Na każdą krzywdę może przyjść przebaczenie, na każdą zagładę – nowe życie, na każde utrapienie – nowa nadzieja.

Kiedy oświadczyłem się mojej przyszłej żonie, to usłyszałem od niej słowa:

 

Gdzie ty pójdziesz, tam ja pójdę, gdzie ty zamieszkasz, tam ja zamieszkam, twój naród będzie moim narodem, a twój Bóg będzie moim Bogiem (Rt 1,16).

 

W rzeczywistości stało się inaczej – Pan, Bóg niebios, mnie wywiódł z domu mego ojca i z mego kraju rodzinnego – i to ja zamieszkałem w kraju mojej żony.

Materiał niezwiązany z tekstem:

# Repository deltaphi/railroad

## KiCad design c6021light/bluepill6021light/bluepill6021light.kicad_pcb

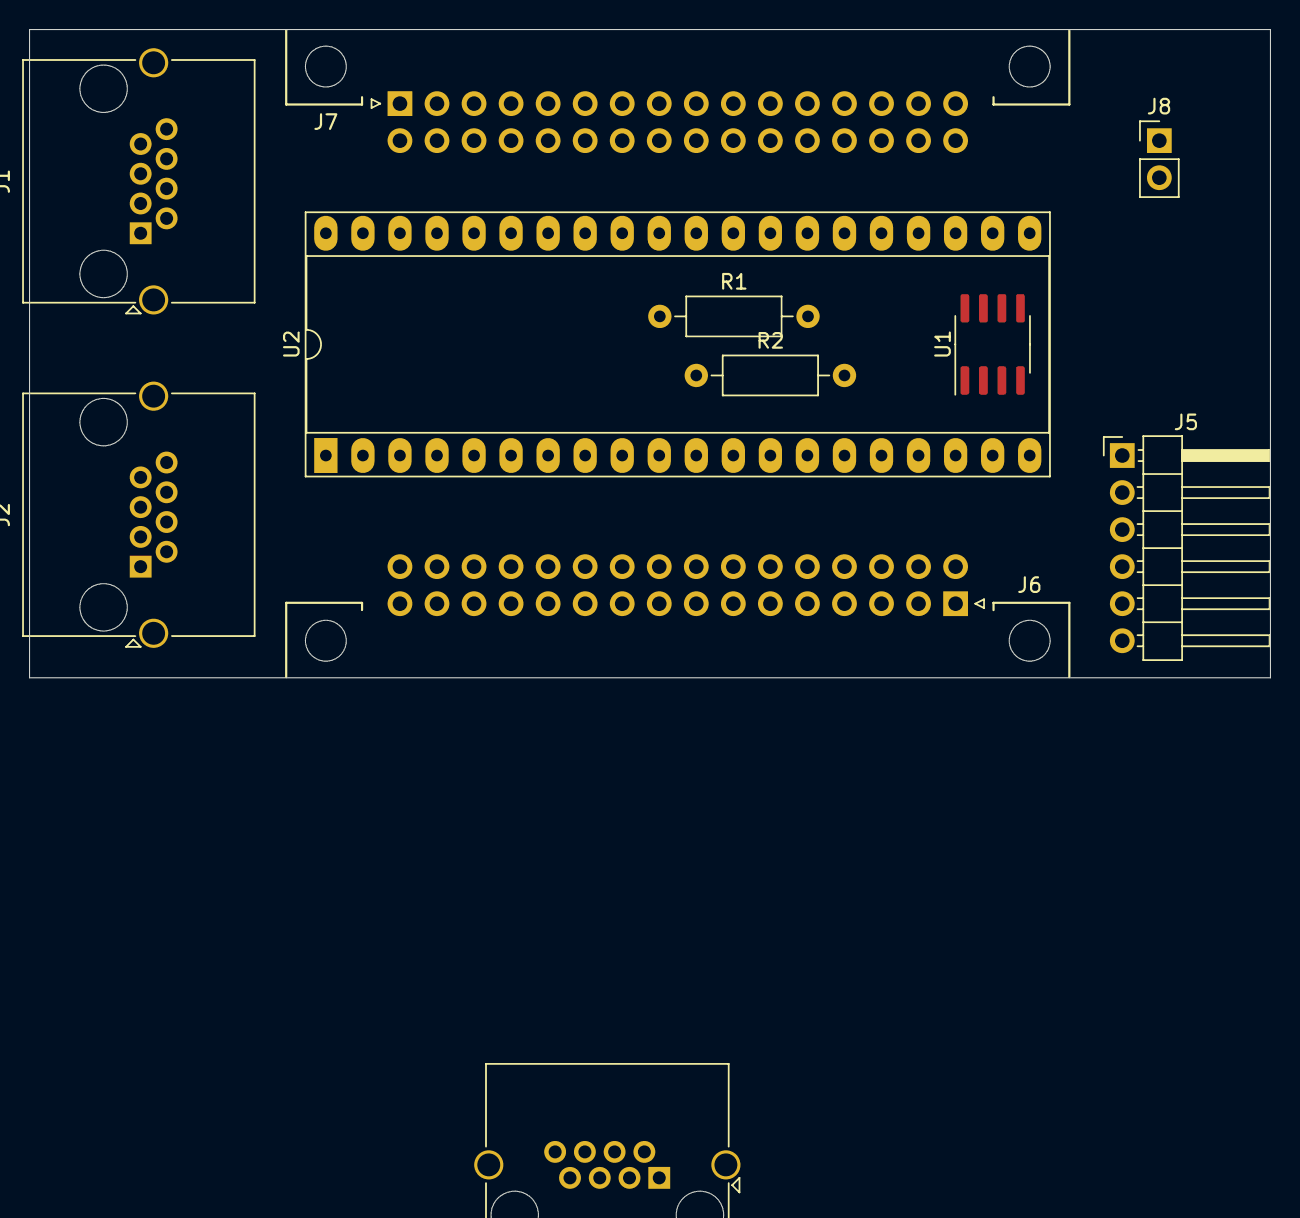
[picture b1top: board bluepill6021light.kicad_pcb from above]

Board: 2 copper layers, 85.1 x 44.4 mm, 11 parts (0 on the bottom side), 15 nets, no tracks yet.

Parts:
J1: CAN1; RJ45_Amphenol_RJHSE5380
J2: CAN2; RJ45_Amphenol_RJHSE5380
J3: I2CKeyboard2; RJ45_Amphenol_RJHSE5380
J5: Serial; PinHeader_1x06_P2.54mm_Horizontal
J6: I2CKeyboard; DIN41612_B2_2x16_Horizontal
J7: I2CControl; DIN41612_B2_2x16_Horizontal
J8: USB_PWR; PinHeader_1x02_P2.54mm_Vertical
R1, R2: 10k; R_Axial_DIN0207_L6.3mm_D2.5mm_P10.16mm_Horizontal
U1: TJA1051T-E; SOIC-8_3.9x4.9mm_P1.27mm
U2: STM32-BARE; DIP-40_W15.24mm_Socket_LongPads

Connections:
/5V: J8.1, U2.18
/CANH: J1.1, J2.1, U1.7
/CANL: J1.2, J2.2, U1.6
/CANRX: U1.4, U2.16
/CANTX: U1.1, U2.17
/Gleisbox_Supply: J1.3, J1.4, J2.3, J2.4
/RX0: J5.4, U2.7
/SCL: R1.2, U2.14
/SDA: R2.2, U2.15
/TX0: J5.5, U2.6
/Track_Brown: J1.7, J2.7
/Track_Red: J1.8, J2.8
GND: J1.5, J1.6, J1.SH, J2.5, J2.6, J2.SH, J3.SH, J5.1, U1.2, U2.19, U2.39, U2.40
unnamed: J5.3, J8.2
VCC: R1.1, R2.1, U1.3, U2.20, U2.38

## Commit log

2020-05-24 Initial Checkin of KiCAD files for BluePill 6021
2020-05-24 Added basic infrastructure
2020-05-24 Added KiCAD .gitignore
2020-05-25 Added initial PCB
2020-06-03 Extended Debugging Output on CAN Transmission

Codziennie budzę się w kraju, którego wojaków rąbał mój dziadek pod wodzą Chmielnickiego, codziennie mówię w języku ludzi, których matki były gwałcone przez mego ojca w czasie „wyzwolenia” Polski przez wojska radzieckie, żyję wśród obywateli, których mordowałem na Wołyniu, bo przecież jestem Ukraińcem ze wszystkimi wypływającymi z tego konsekwencjami. Właśnie tak się czuje, kiedy czytam wypowiedzi i komentarze osób, którzy żyją tylko historią, historią nienawiści i niezagojonych ran.

Urodziłem się na Syberii, dorastałem na Ukrainie, teraz żyję w Polsce. Historia jednego życia łączy w sobie historię tych krajów, która przepełniona jest krwią, przemocą i pragnieniem ludzi, by być wolnymi. Czy mam żywić nienawiść do Polaków, którzy ujarzmiali przez długie lata mój lud? Czy może mam wzbudzać nienawiść do Ukraińców, którzy mordowali rodaków mojej żony? A może najlepiej przeklinać Rosję za wszystkie lata cierpień zarówno Ukraińców, jak i Polaków?

Musimy odróżniać rzeczywistość od historii. Owszem, rzeczywistość opiera się na wydarzeniach z historii, ale to właśnie teraz również tworzymy naszą historię. Być hejterem jest najłatwiej: wszystko źle, wszyscy są winni, trzeba żyć krwawą pamięcią o ofiarach z przeszłości! Ale przy takiej postawie życie przeminie z goryczą i żalem.

Podając rękę pomocy i wsparcia Sąsiadowi, okazując wyrozumiałość i ufność, pamiętając o tych, którzy leżą teraz w ziemi, abyśmy my mogli po niej chodzić, my tworzymy nową historię. Na każdą krzywdę może przyjść przebaczenie, na każdą zagładę – nowe życie, na każde utrapienie – nowa nadzieja.